Legal defense offers broad latitude in demonstrating reasonable doubt; essentially, as long as a defense attorney is not suborning perjury or presenting counterfactual evidence, they can advance nearly any thesis for defense, even if involves parables about fictional characters living in a galaxy far, far away (or how a certain article of clothing doesn’t fit). However, when it comes to jury instructions, the judge also has wide latitude to instruct the jury on what they should and should not consider with respect to determination of guilt, e.g. that diversionary theories about whether and how of Wookies and Ewoks cohabitating has no bearing on their deliberations.

I was impanelled on a jury on a trial a few years ago when the guilt of the defendant was incontrovertible (video evidence of the crime in question) so the defense tried to present some kind of “sliding scale of innocence-guilt” complete with a thermometer graphic in closing arguments (in addition to religious and emotional appeals); the judge indulged him for several minutes but finally cut off the defense attorney after his third repetition and then told the jury that they should make their determination based on the facts presented and the jury instructions, not a (stupid) temperature chart.

It is common in sentencing to present mitigating circumstances for consideration, particularly to demonstrate that the defendant(s) did not have proper context to understand the nature of the crime or lacked a grounding in moral decision-making. The effectiveness of this strategy is also questionable given the large number of young defendants given decades-long sentences even for relatively minor crimes, and obviously not applicable in the case of mandatory sentencing.

The hypothetical complaint voiced by @Saint_Cad that the US wasn’t punishing offenders “hard enough” to prevent recidivism was what lead to the push for “three strikes” laws, particularly focused on drug-related crimes, and the evidence that it has been effective at crime reduction is equivocal at best. Such measures have been effective in building a nationwide multibillion dollar private prison industry which has made some people very rich and provided a source of inexpensive labor, notwithstanding abuse and fraud makes The Shawshank Redemption look like a Boy Scout camp. So, ye-hah!, state-subsidized capitalism and the prison-industrial complex!

Stranger

Ummm . . . whuh? Pretty sure I never said. I think my complaint was more of an observation that in the US “not my fault I did what I did” seems to be a valid legal defense.

Making the argument that “not my fault I did what I did” is pretty much a valid legal defense anywhere, particularly when the facts of the crime are beyond dispute. It doesn’t make it an effective defense.

Stranger

So then to my original point back in the other thread. Is that an American defense or it it used worldwide by defense attorneys?

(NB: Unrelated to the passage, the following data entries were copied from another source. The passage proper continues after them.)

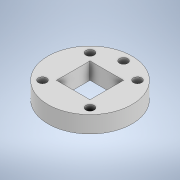
# Autodesk Inventor part: base
Saved by Autodesk Inventor 2022.3 (Build 263350000, 350)
## iProperties
Created: 2023-06-16
Part Number: base
Material: Generic
Document SubType Name: Modeling
Designer: crist
Density: 1 g/cm^3
Appearance: Default
Author: crist
Autodesk Inventor part; units mm, degrees
ref_plane "YZ Plane" through (0, 0, 0) normal (1, 0, 0) x (0, 1, 0)
ref_plane "XZ Plane" through (0, 0, 0) normal (0, 1, 0) x (-1, 0, 0)
ref_plane "XY Plane" through (0, 0, 0) normal (0, 0, 1) x (1, 0, 0)
sketch "Sketch1" plane through (0, 0, 0) normal (0, 1, 0) x (-1, 0, 0)
  circle A0 centre (-14.1421, -14.1421) radius 2.5
  circle A1 centre (-14.1421, 14.1421) radius 2.5
  line L0 (0, 0) -> (-14.1421, 14.1421)
  line L1 (0, 0) -> (0, -20)
  line L2 (0, 0) -> (-14.1421, -14.1421)
  circle A2 centre (0, -20) radius 2.5
  circle A3 centre (0, 0) radius 25
  line L3 (0, 0) -> (14.1421, 14.1421)
  line L4 (0, 0) -> (14.1421, -14.1421)
  circle A4 centre (14.1421, 14.1421) radius 2.5
  circle A5 centre (14.1421, -14.1421) radius 2.5
  line L5 (-10, 10) -> (10, 10)
  line L6 (10, 10) -> (10, -10)
  line L7 (10, -10) -> (-10, -10)
  line L8 (-10, -10) -> (-10, 10)
  line L9 (-10, 10) -> (10, -10) construction
  line L10 (10, 10) -> (-10, -10) construction
  dimension "d0" = 20
  dimension "d1" = 20
  dimension "d2" = 135
  dimension "d3" = 5
  dimension "d4" = 5
  dimension "d5" = 20
  dimension "d6" = 90
  dimension "d7" = 5
  dimension "d8" = 20
  dimension "d9" = 90
  dimension "d10" = 5
  dimension "d11" = 20
  dimension "d12" = 90
  dimension "d13" = 5
  dimension "d14" = 20
  dimension "d15" = 20
  constraints: 22 end point, 6 centre point, 6 coincident, 2 midpoint, 2 parallel, 1 horizontal, 1 perpendicular, 1 vertical
  measures "d0" distance of L0.start L1.end
  measures "d1" distance of L0.start L0.end
  measures "d2" angle of L0 L1
  measures "d3" diameter of A2
  measures "d4" diameter of A1
  measures "d5" distance of L0.start L3.end
  measures "d6" angle of L0 L3
  measures "d7" diameter of A4
  measures "d8" distance of L0.start L4.end
  measures "d9" angle of L3 L4
  measures "d10" diameter of A5
  measures "d11" distance of L0.start L2.end
  measures "d12" angle of L2 L4
  measures "d13" diameter of A0
  measures "d14" distance of L6.end L7.end
  measures "d15" distance of L5.end L6.end
extrude "Extrusion1" add sketch "Sketch1" along normal blind 10
body "Solid1"
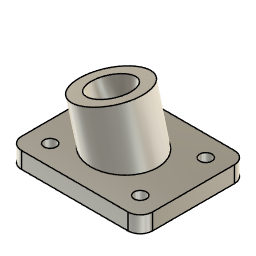
37 (Autodesk Fusion 360 design; units mm, degrees)
Autodesk Fusion 360 part; units mm, degrees
sketch "草图1" plane through (0, 0, 0) normal (0, 0, 1) x (1, 0, 0)
  line L0 (-13, -13) -> (13, -13)
  line L1 (16, -10) -> (16, 10)
  line L2 (13, 13) -> (-13, 13)
  line L3 (-16, 10) -> (-16, -10)
  line L4 (-16, -13) -> (16, 13) construction
  line L5 (16, -13) -> (-16, 13) construction
  circle A0 centre (-11, 8) radius 1.5
  circle A1 centre (-11, -8) radius 1.5
  circle A2 centre (11, 8) radius 1.5
  circle A3 centre (11, -8) radius 1.5
  line L6 (0, 100) -> (0, -100) construction
  line L7 (150, 0) -> (-150, 0) construction
  arc A4 (-13, 13) -> (-16, 10) centre (-13, 10) ccw
  arc A5 (-16, -10) -> (-13, -13) centre (-13, -10) ccw
  arc A6 (13, -13) -> (16, -10) centre (13, -10) ccw
  arc A7 (16, 10) -> (13, 13) centre (13, 10) ccw
  dimension "d1" = 26
  dimension "d2" = 32
  dimension "d3" = 3
  dimension "d4" = 22
  dimension "d5" = 16
  dimension "d6" = 3
  constraint horizontal L0
  constraint perpendicular L0 L1
  constraint parallel L0 L2
  constraint parallel L1 L3
  constraint coincident L4 origin
  constraint coincident L5 origin
  constraint vertical L6
  constraint parallel L2 L7
  constraint symmetric A0.centre A2.centre L6
  constraint symmetric A1.centre A3.centre L6
  constraint symmetric A2.centre A3.centre L7
  constraint equal A2 A3
  constraint equal A0 A1
  constraint equal A0 A2
  constraint coincident L5.end L2
  constraint coincident L5.end L3
  constraint tangent L2 A4
  constraint tangent L3 A4
  constraint coincident L4.start L0
  constraint coincident L4.start L3
  constraint tangent L0 A5
  constraint tangent L3 A5
  constraint equal A4 A5
  constraint coincident L5.start L1
  constraint coincident L5.start L0
  constraint tangent L1 A6
  constraint tangent L0 A6
  constraint equal A4 A6
  constraint coincident L4.end L1
  constraint coincident L4.end L2
  constraint tangent L1 A7
  constraint tangent L2 A7
  constraint equal A4 A7
  measures "d1" distance of L5.start L4.end
  measures "d2" distance of L4.start L5.start
  measures "d3" diameter of A2
  measures "d4" distance of A0.centre A2.centre
  measures "d5" distance of A2.centre A3.centre
  measures "d6" radius of A4
extrude "拉伸1" add sketch "草图1" against normal blind 4 contours L0 L1 L2 L3 A4 A5 A6 A7 picked at (3.253547, -2.385007)
sketch "草图2" plane through (0, 0, 0) normal (0, 1, 0) x (1, 0, 0)
  line L0 (-46.891049, 0) -> (16, 0)
  line L1 (16, 0) -> (16, -16.851606)
  line L2 (16, -16.851606) -> (-46.891049, 0)
  line L3 (-46.891049, 0) -> (-46.891049, 4)
  line L4 (-46.891049, 4) -> (0, 4)
  line L5 (0, 4) -> (16, 4)
  line L6 (16, 0) -> (16, 4)
  line L7 (0, 4) -> (-4.141105, -11.454813) construction
  line L8 (-5.744787, -5.848727) -> (0.050768, -7.401641)
  arc A0 (0.688524, -12.748908) -> (0.050768, -7.401641) centre (-17.302578, -12.183001) ccw
  arc A1 (-5.744787, -5.848727) -> (-8.970734, -10.160718) centre (6.892971, -18.666179) ccw
  line L9 (-4.141105, -11.454813) -> (-2.847009, -6.625184)
  point P0 (-8.970734, -10.160718)
  point P1 (0.688524, -12.748908)
  dimension "d9" = 15
  dimension "d10" = 16
  dimension "d19" = 10
  dimension "d20" = 6
  dimension "d21" = 18
  dimension "d22" = 5
  constraint horizontal L0
  constraint perpendicular L0 L1
  constraint perpendicular L0 L3
  constraint perpendicular L3 L4
  constraint perpendicular L3 L5
  constraint perpendicular L5 L6
  constraint perpendicular L2 L7
  constraint perpendicular L7 L8
  measures "d9" angle of L0 L2
  measures "d10" distance of L2 L4.end
  measures "d21" radius of A0
  measures "d22" distance of L2 L8
sketch "草图3" plane through (0, -13, 0) normal (0, -1, 0) x (1, 0, 0)
  line L0 (13, 0) -> (-13, 0)
  line L1 (-13, 0) -> (-13, -4)
  line L2 (-13, -4) -> (13, -4)
  line L3 (13, -4) -> (13, 0)
  line L4 (16, 16.851606) -> (-46.891049, 0)
ref_plane "工作平面1" through (16, 0, 16.851606) normal (0.258819, 0, -0.965926) x (0, 1, 0)
sketch "草图4" plane through (-3.141105, 0, 11.722762) normal (0.258819, 0, -0.965926) x (0, 1, 0)
  circle A0 centre (0, -1.035276) radius 3
  circle A1 centre (0, -1.035276) radius 5
  circle A2 centre (0, -1.035276) radius 8
  point P0 (0, -1.035276)
  dimension "d11" = 16
  dimension "d12" = 10
  dimension "d13" = 6
  constraint concentric A0 A1
  constraint concentric A0 A2
  measures "d11" diameter of A2
  measures "d12" diameter of A1
  measures "d13" diameter of A0
extrude "拉伸2" add sketch "草图4" along normal up to surface contours A0 | A1 | A2 picked at (-0.755779, -1.072087) picked at (4.303549, -1.432722) picked at (6.9516, -1.681126) end surface through (0, 0, 0) normal (0, 0, 1) offset 0
extrude "拉伸3" cut sketch "草图4" along normal up to surface contours A0 picked at (-0.755779, -1.072087) end surface through (0, 0, -4) normal (0, 0, -1) offset 0
revolve "旋转1" cut sketch "草图2" angle 360 about axis through (0, 0, -4) along (-0.25881905, 0, 0.96592583) contours L2 L8 A1 L9 picked at (-4.650178, -8.418609)
ref_plane "工作平面2" through (20.141105, 0, 1.396793) normal (0.258819, 0, -0.965926) x (0, 1, 0)
sketch "草图5" plane through (1, 0, -3.732051) normal (0.258819, 0, -0.965926) x (0, 1, 0)
  circle A0 centre (0, -1.035276) radius 5
  point P0 (0, -1.035276)
  dimension "d25" = 10
  measures "d25" diameter of A0
extrude "拉伸4" cut sketch "草图5" along normal mid plane 6 contours A0 picked at (0.9146, -2.122601)
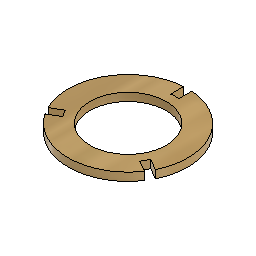
SPACER_LOWER (Autodesk Fusion 360 design; units mm, degrees)
Autodesk Fusion 360 part; units mm, degrees
sketch "Sketch1" plane through (0, 0, 0) normal (0, 0, 1) x (1, 0, 0)
  circle A0 centre (0, 0) radius 29.75
  circle A1 centre (0, 0) radius 18.925
  line L0 (0, 0) -> (0, 29.75) construction
  line L1 (-2, 23.3413) -> (2, 23.3413)
  line L2 (2, 23.3413) -> (2, 31)
  line L3 (2, 31) -> (-2, 31)
  line L4 (-2, 31) -> (-2, 23.3413)
  line L5 (-21.2141, -9.9386) -> (-27.8468, -13.7679)
  line L6 (-27.8468, -13.7679) -> (-25.8468, -17.2321)
  line L7 (-25.8468, -17.2321) -> (-19.2141, -13.4027)
  line L8 (-19.2141, -13.4027) -> (-21.2141, -9.9386)
  line L9 (19.2141, -13.4027) -> (25.8468, -17.2321)
  line L10 (25.8468, -17.2321) -> (27.8468, -13.7679)
  line L11 (27.8468, -13.7679) -> (21.2141, -9.9386)
  line L12 (21.2141, -9.9386) -> (19.2141, -13.4027)
  dimension "d1" = 59.5
  dimension "d78" = 37.85
  dimension "d128" = 360
  constraint coincident A0.centre A1.centre
  constraint coincident A0 L0.end
  constraint vertical L0
  constraint horizontal L1
  constraint vertical L2
  constraint horizontal L3
  constraint vertical L4
  measures "d1" diameter of A0
  measures "d78" diameter of A1
extrude "Extrude16" add sketch "Sketch1" along normal blind 4 contours A0 L1 L2 L4 L5 L7 L8 L9 L11 L12
Autodesk Fusion 360 part; units mm, degrees
(part 2 of 2)
sketch "Sketch20" plane through (0, 0, 0) normal (0, 0, -1) x (1, 0, 0)
  line L0 (50, 0) -> (50, -5)
  line L1 (50, -5) -> (40, -5)
  line L2 (40, -5) -> (40, 0)
  line L3 (40, 0) -> (30, 0)
  line L4 (30, 0) -> (30, -5)
  line L5 (30, -5) -> (20, -5)
  line L6 (20, -5) -> (20, 0)
  line L7 (20, 0) -> (10, 0)
  line L8 (10, 0) -> (10, -5)
  line L9 (10, -5) -> (5, -5)
  line L10 (5, -5) -> (5, -10)
  line L11 (5, -10) -> (0, -10)
  line L12 (0, -10) -> (0, -20)
  line L13 (0, -20) -> (5, -20)
  line L14 (5, -20) -> (5, -30)
  line L15 (5, -30) -> (0, -30)
  line L16 (0, -30) -> (0, -40)
  line L17 (0, -40) -> (5, -40)
  line L18 (5, -40) -> (5, -50)
  line L19 (5, -50) -> (0, -50)
  line L20 (0, -50) -> (0, -60)
  line L21 (0, -60) -> (5, -60)
  line L22 (5, -60) -> (5, -70)
  line L23 (5, -70) -> (0, -70)
  line L24 (0, -70) -> (0, -80)
  line L25 (0, -80) -> (5, -80)
  line L26 (5, -80) -> (5, -85)
  line L27 (5, -85) -> (10, -85)
  line L28 (10, -85) -> (10, -90)
  line L29 (10, -90) -> (20, -90)
  line L30 (20, -90) -> (20, -85)
  line L31 (20, -85) -> (30, -85)
  line L32 (30, -85) -> (30, -90)
  line L33 (30, -90) -> (40, -90)
  line L34 (40, -90) -> (40, -85)
  line L35 (40, -85) -> (50, -85)
  line L36 (50, -85) -> (50, -90)
  line L37 (50, -90) -> (60, -90)
  line L38 (60, -90) -> (60, -85)
  line L39 (60, -85) -> (70, -85)
  line L40 (70, -85) -> (70, -90)
  line L41 (70, -90) -> (80, -90)
  line L42 (80, -90) -> (80, -85)
  line L43 (80, -85) -> (85, -85)
  line L44 (85, -85) -> (85, -80)
  line L45 (85, -80) -> (90, -80)
  line L46 (90, -80) -> (90, -70)
  line L47 (90, -70) -> (85, -70)
  line L48 (85, -70) -> (85, -60)
  line L49 (85, -60) -> (90, -60)
  line L50 (90, -60) -> (90, -50)
  line L51 (90, -50) -> (85, -50)
  line L52 (85, -50) -> (85, -40)
  line L53 (85, -40) -> (90, -40)
  line L54 (90, -40) -> (90, -30)
  line L55 (90, -30) -> (85, -30)
  line L56 (85, -30) -> (85, -20)
  line L57 (85, -20) -> (90, -20)
  line L58 (90, -20) -> (90, -10)
  line L59 (90, -10) -> (85, -10)
  line L60 (85, -10) -> (85, -5)
  line L61 (85, -5) -> (80, -5)
  line L62 (80, -5) -> (80, 0)
  line L63 (80, 0) -> (70, 0)
  line L64 (70, 0) -> (70, -5)
  line L65 (70, -5) -> (60, -5)
  line L66 (60, -5) -> (60, 0)
  line L67 (60, 0) -> (50, 0)
sketch "Sketch21" plane through (0, 0, 50) normal (0, 0, 1) x (-1, 0, 0)
  circle A0 centre (-76.5099, -13.4901) radius 3
  circle A1 centre (-76.5099, -76.5099) radius 3
  circle A2 centre (-13.4901, -76.5099) radius 3
  circle A3 centre (-13.4901, -13.4901) radius 3
  circle A4 centre (-45, -45) radius 17.5
  line L0 (-50, -5) -> (-50, 0)
  line L1 (-50, 0) -> (-60, 0)
  line L2 (-60, 0) -> (-60, -5)
  line L3 (-60, -5) -> (-70, -5)
  line L4 (-70, -5) -> (-70, 0)
  line L5 (-70, 0) -> (-80, 0)
  line L6 (-80, 0) -> (-80, -5)
  line L7 (-80, -5) -> (-85, -5)
  line L8 (-85, -5) -> (-85, -10)
  line L9 (-85, -10) -> (-90, -10)
  line L10 (-90, -10) -> (-90, -20)
  line L11 (-90, -20) -> (-85, -20)
  line L12 (-85, -20) -> (-85, -30)
  line L13 (-85, -30) -> (-90, -30)
  line L14 (-90, -30) -> (-90, -40)
  line L15 (-90, -40) -> (-85, -40)
  line L16 (-85, -40) -> (-85, -50)
  line L17 (-85, -50) -> (-90, -50)
  line L18 (-90, -50) -> (-90, -60)
  line L19 (-90, -60) -> (-85, -60)
  line L20 (-85, -60) -> (-85, -70)
  line L21 (-85, -70) -> (-90, -70)
  line L22 (-90, -70) -> (-90, -80)
  line L23 (-90, -80) -> (-85, -80)
  line L24 (-85, -80) -> (-85, -85)
  line L25 (-85, -85) -> (-80, -85)
  line L26 (-80, -85) -> (-80, -90)
  line L27 (-80, -90) -> (-70, -90)
  line L28 (-70, -90) -> (-70, -85)
  line L29 (-70, -85) -> (-60, -85)
  line L30 (-60, -85) -> (-60, -90)
  line L31 (-60, -90) -> (-50, -90)
  line L32 (-50, -90) -> (-50, -85)
  line L33 (-50, -85) -> (-40, -85)
  line L34 (-40, -85) -> (-40, -90)
  line L35 (-40, -90) -> (-30, -90)
  line L36 (-30, -90) -> (-30, -85)
  line L37 (-30, -85) -> (-20, -85)
  line L38 (-20, -85) -> (-20, -90)
  line L39 (-20, -90) -> (-10, -90)
  line L40 (-10, -90) -> (-10, -85)
  line L41 (-10, -85) -> (-5, -85)
  line L42 (-5, -85) -> (-5, -80)
  line L43 (-5, -80) -> (0, -80)
  line L44 (0, -80) -> (0, -70)
  line L45 (0, -70) -> (-5, -70)
  line L46 (-5, -70) -> (-5, -60)
  line L47 (-5, -60) -> (0, -60)
  line L48 (0, -60) -> (0, -50)
  line L49 (0, -50) -> (-5, -50)
  line L50 (-5, -50) -> (-5, -40)
  line L51 (-5, -40) -> (0, -40)
  line L52 (0, -40) -> (0, -30)
  line L53 (0, -30) -> (-5, -30)
  line L54 (-5, -30) -> (-5, -20)
  line L55 (-5, -20) -> (0, -20)
  line L56 (0, -20) -> (0, -10)
  line L57 (0, -10) -> (-5, -10)
  line L58 (-5, -10) -> (-5, -5)
  line L59 (-5, -5) -> (-10, -5)
  line L60 (-10, -5) -> (-10, 0)
  line L61 (-10, 0) -> (-20, 0)
  line L62 (-20, 0) -> (-20, -5)
  line L63 (-20, -5) -> (-30, -5)
  line L64 (-30, -5) -> (-30, 0)
  line L65 (-30, 0) -> (-40, 0)
  line L66 (-40, 0) -> (-40, -5)
  line L67 (-40, -5) -> (-50, -5)
component "Component" placed x (1, 0, 0) y (0, 1, 0) z (0, 0, 1) at (0, 0, 0)
component "Component'" placed x (1, 0, 0) y (0, 1, 0) z (0, 0, 1) at (0, 0, 0)

The one time I was on a jury for a murder case. You knew it was over as soon as the defense started talking about self-defense and how much the witnesses drank based on a vodka bottle in their house. The defense attorney tried their best with what they had available but even with a “not my fault” defense you have to admit being there. You have to admit participating. You basically have to admit to all aspects of the crime and then muck around at the edges in the hope you get a lesser included sentence or avoid the death penalty.
The only reason you would even try that defense is if the prosecution can already put you at the scene, doing the deed.